Clause jokes
Santa was asked to describe Mrs. Claus in three words. His response was, "Ho ho ho."
What do Michael Jackson and Santa Claus have in common?
They both leave the little kids' room with empty sacks.
Q: Why does Santa Claus have such a big sack?
A: He only comes once a year.
Roses are red. He shows no remorse.
Santa Claus Has joined the terrorist force.
What is the difference between a cat and a complex sentence?
A cat has claws at the end of its paws. A complex sentence has a pause at the end of its clause.

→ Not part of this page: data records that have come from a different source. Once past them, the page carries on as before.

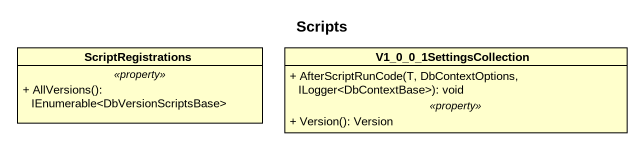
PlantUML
@startuml
title Scripts
hide circle
hide empty members
skinparam classAttributeIconSize 0
class ScriptRegistrations {
  .. <<property>> ..
  + AllVersions(): IEnumerable<DbVersionScriptsBase>
}
class V1_0_0_1SettingsCollection {
  + AfterScriptRunCode(T, DbContextOptions, ILogger<DbContextBase>): void
  .. <<property>> ..
  + Version(): Version
}
@enduml

What do Michael Jackson and Santa Claus have in common? They both let little kids sit on their lap.
Russian Santa Claus- You better watch out, You better not cry, cause if you do I will stab your fucking eye, Russian Santa Claus does not fuck around. He's making a list, He's checking it twice... You better leave out some Vodka with ice!
So Santa fell down the chimney, but it was a lit chimney...his name's no longer Santa. It's Crisp Cringle. Pls send help :)
What is worse to have - a dead baby or a dead Santa Claus?
Santa. You need extra freezers for reindeer.
Why don't Asian kids believe in Santa Claus?
Because they're the ones who made the toys.
How did Santa feel when he got stuck in the chimney?
Claus-trophobic.
What do Santa Claus and Bill Cosby have in common?
They both come while you’re asleep.
What nationality is Santa Claus?
North Polish.
What did Santa Claus bring Michael Jackson for Christmas? His elves! 😂😂😂
What’s the Difference Between a Cat and a Comma?
One has claws at the end of its paws, and the other is a pause at the end of a clause.
Your mama so ugly, when Santa Claus came to her house and saw her, he said, "HO HO HOLY SHIT THAT'S ONE UGLY BITCH!"
What do you call a winter time contact?
A Santa Claus.
Why does Santa not have any children?
He only cums once a year.
Why did Santa stop at three ho's?
Ms. Claus caught him.
There's a white guy, black guy, and Santa Claus. They get a hotel room.
White guy goes in room first and sees money on the table and he picks it up. A ghost appears and says, "Put down my money or I'll cut off your weiner." He gets scared and jumps out the window.
Black guy goes in the room, sees the money and picks it up. Ghost appears and says, "Put down my money or I'll cut off you're weiner." He gets scared and jumps out the window.
Santa Claus goes in the room sees the money and picks it up. Ghost appears, "Put down my money or I'll cut off you're weiner." Santa Claus looks at the ghost and says "I'm the ghost of Christmas past, you touch my dick I'll kick your ass!"